28. We do not think Mr A would be able to make a legal claim in relation to the distress caused by the communication with his son and the information about his alcohol and drug use. However, as these are closely linked to his main concerns it would not be appropriate for us to look at these elements of his complaint in isolation. We would not be able to achieve the outcomes he is seeking from looking at this part of the complaint only. This is because Mr A says his main concern is the lack of treatment and that he has been left with mobility issues and pain. It is also possible that he may obtain answers through any legal action and speaking to the GMC and HCPC.

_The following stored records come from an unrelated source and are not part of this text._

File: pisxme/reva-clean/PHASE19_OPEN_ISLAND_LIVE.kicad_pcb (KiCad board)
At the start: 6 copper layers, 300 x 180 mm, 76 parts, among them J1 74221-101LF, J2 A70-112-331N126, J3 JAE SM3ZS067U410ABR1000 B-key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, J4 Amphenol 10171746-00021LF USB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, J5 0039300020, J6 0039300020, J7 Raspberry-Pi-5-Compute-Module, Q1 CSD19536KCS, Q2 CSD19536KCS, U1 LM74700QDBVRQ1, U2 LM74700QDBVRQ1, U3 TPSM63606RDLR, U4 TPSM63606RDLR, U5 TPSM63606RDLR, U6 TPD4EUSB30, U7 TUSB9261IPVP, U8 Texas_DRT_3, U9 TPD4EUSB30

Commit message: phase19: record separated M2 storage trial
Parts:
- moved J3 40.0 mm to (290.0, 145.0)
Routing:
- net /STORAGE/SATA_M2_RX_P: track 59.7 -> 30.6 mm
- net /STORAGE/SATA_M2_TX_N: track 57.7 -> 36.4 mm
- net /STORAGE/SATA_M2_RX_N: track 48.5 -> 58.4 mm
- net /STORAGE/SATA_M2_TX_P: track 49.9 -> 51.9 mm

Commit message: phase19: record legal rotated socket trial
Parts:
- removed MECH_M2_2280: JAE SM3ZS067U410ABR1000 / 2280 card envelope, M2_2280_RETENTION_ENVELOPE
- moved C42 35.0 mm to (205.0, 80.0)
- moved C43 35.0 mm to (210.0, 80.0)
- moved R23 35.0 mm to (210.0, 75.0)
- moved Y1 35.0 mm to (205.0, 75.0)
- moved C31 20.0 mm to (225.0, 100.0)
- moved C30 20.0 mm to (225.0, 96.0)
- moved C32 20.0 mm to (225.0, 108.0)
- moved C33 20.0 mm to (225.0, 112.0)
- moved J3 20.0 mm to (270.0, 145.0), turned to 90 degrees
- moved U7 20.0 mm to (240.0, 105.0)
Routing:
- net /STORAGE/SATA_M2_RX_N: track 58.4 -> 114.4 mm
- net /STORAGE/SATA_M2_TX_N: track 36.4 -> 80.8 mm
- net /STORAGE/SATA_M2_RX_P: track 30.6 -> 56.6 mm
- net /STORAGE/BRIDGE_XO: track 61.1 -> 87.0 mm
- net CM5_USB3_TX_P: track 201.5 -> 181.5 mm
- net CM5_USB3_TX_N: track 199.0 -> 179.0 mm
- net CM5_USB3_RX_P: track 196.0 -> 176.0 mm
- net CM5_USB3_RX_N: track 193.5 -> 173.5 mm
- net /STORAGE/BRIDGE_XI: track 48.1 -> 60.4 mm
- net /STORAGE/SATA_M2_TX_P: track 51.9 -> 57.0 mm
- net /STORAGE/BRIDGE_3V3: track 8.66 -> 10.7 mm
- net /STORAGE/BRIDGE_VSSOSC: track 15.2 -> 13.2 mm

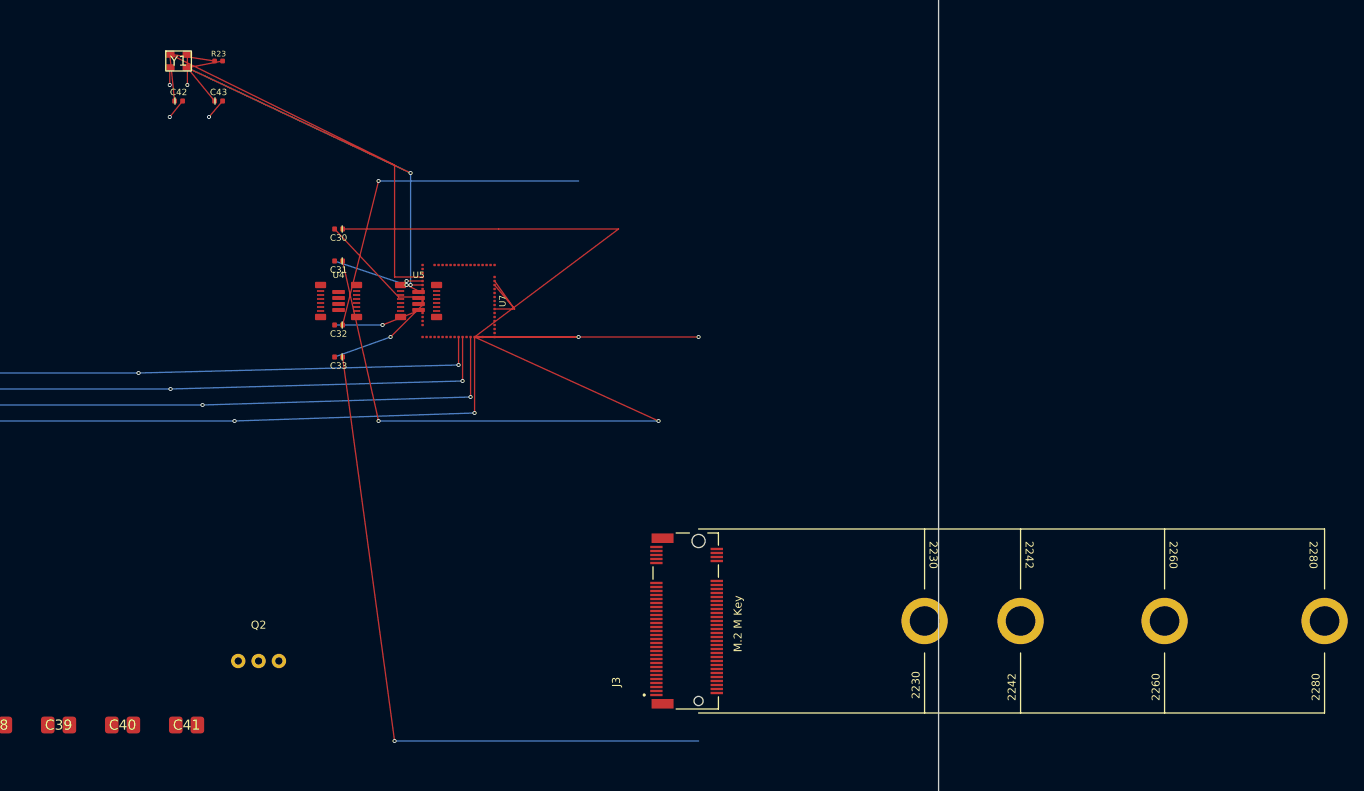
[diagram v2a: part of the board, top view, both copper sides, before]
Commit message: phase19: record opposite-side storage trial
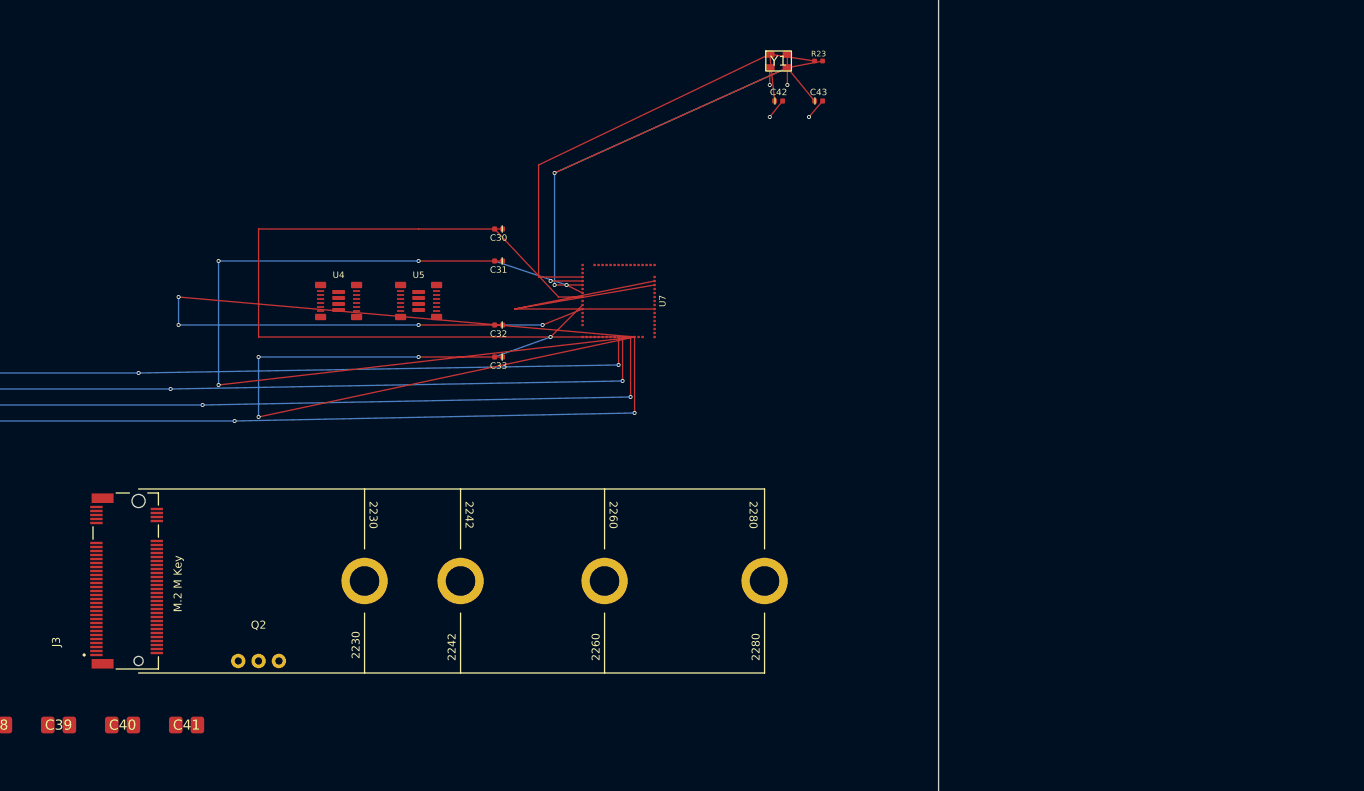
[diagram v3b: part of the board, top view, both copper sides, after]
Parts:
- moved C42 75.0 mm to (280.0, 80.0)
- moved C43 75.0 mm to (285.0, 80.0)
- moved R23 75.0 mm to (285.0, 75.0)
- moved Y1 75.0 mm to (280.0, 75.0)
- moved J3 70.2 mm to (200.0, 140.0)
- moved C30 20.0 mm to (245.0, 96.0)
- moved C31 20.0 mm to (245.0, 100.0)
- moved C32 20.0 mm to (245.0, 108.0)
- moved C33 20.0 mm to (245.0, 112.0)
- moved U7 20.0 mm to (260.0, 105.0)
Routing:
- net /STORAGE/SATA_M2_RX_P: track 56.6 -> 101.2 mm, vias 2 -> 3
- net /STORAGE/BRIDGE_3V3: track 10.7 -> 53.1 mm
- net /STORAGE/SATA_M2_TX_P: track 57.0 -> 91.0 mm
- net /STORAGE/SATA_M2_RX_N: track 114.4 -> 86.1 mm, vias 2 -> 3
- net /STORAGE/SATA_M2_TX_N: track 80.8 -> 103.3 mm, vias 2 -> 3
- net CM5_USB3_RX_N: track 173.5 -> 193.5 mm
- net CM5_USB3_RX_P: track 176.0 -> 196.0 mm
- net CM5_USB3_TX_N: track 179.0 -> 199.0 mm
- net CM5_USB3_TX_P: track 181.5 -> 201.5 mm
- net /STORAGE/BRIDGE_XO: track 87.0 -> 91.2 mm
- net /STORAGE/BRIDGE_XI: track 60.4 -> 63.1 mm
- net /STORAGE/BRIDGE_VSSOSC: track 13.2 -> 15.2 mm

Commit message: phase19: record farther outboard bridge trial
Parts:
- moved C30 20.0 mm to (265.0, 96.0)
- moved C31 20.0 mm to (265.0, 100.0)
- moved C32 20.0 mm to (265.0, 108.0)
- moved C33 20.0 mm to (265.0, 112.0)
- moved U7 20.0 mm to (280.0, 105.0)
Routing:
- net /STORAGE/BRIDGE_3V3: track 53.1 -> 10.7 mm
- net /STORAGE/SATA_M2_TX_P: track 91.0 -> 131.0 mm
- net /STORAGE/SATA_M2_RX_P: track 101.2 -> 141.2 mm
- net /STORAGE/SATA_M2_TX_N: track 103.3 -> 143.2 mm
- net /STORAGE/SATA_M2_RX_N: track 86.1 -> 125.7 mm
- net /STORAGE/BRIDGE_XO: track 91.2 -> 111.2 mm
- net /STORAGE/BRIDGE_XI: track 63.1 -> 83.1 mm
- net /STORAGE/BRIDGE_VSSOSC: track 15.2 -> 35.2 mm
- net CM5_USB3_RX_N: track 193.5 -> 213.5 mm
- net CM5_USB3_RX_P: track 196.0 -> 216.0 mm
- net CM5_USB3_TX_N: track 199.0 -> 219.0 mm
- net CM5_USB3_TX_P: track 201.5 -> 221.5 mm

29. Should Mr A want to bring his complaint back to us, he should do so as promptly as he can. This is because we have a time limit for looking at complaints which is 12 months from the date the person was aware they had reason to complain. We do have some discretion when applying our time limit but there must be good reason for us to put this to one side.
30. We thank Mr A for bringing his complaint to us for us to consider. We hope this decision statement clearly explains our reasoning.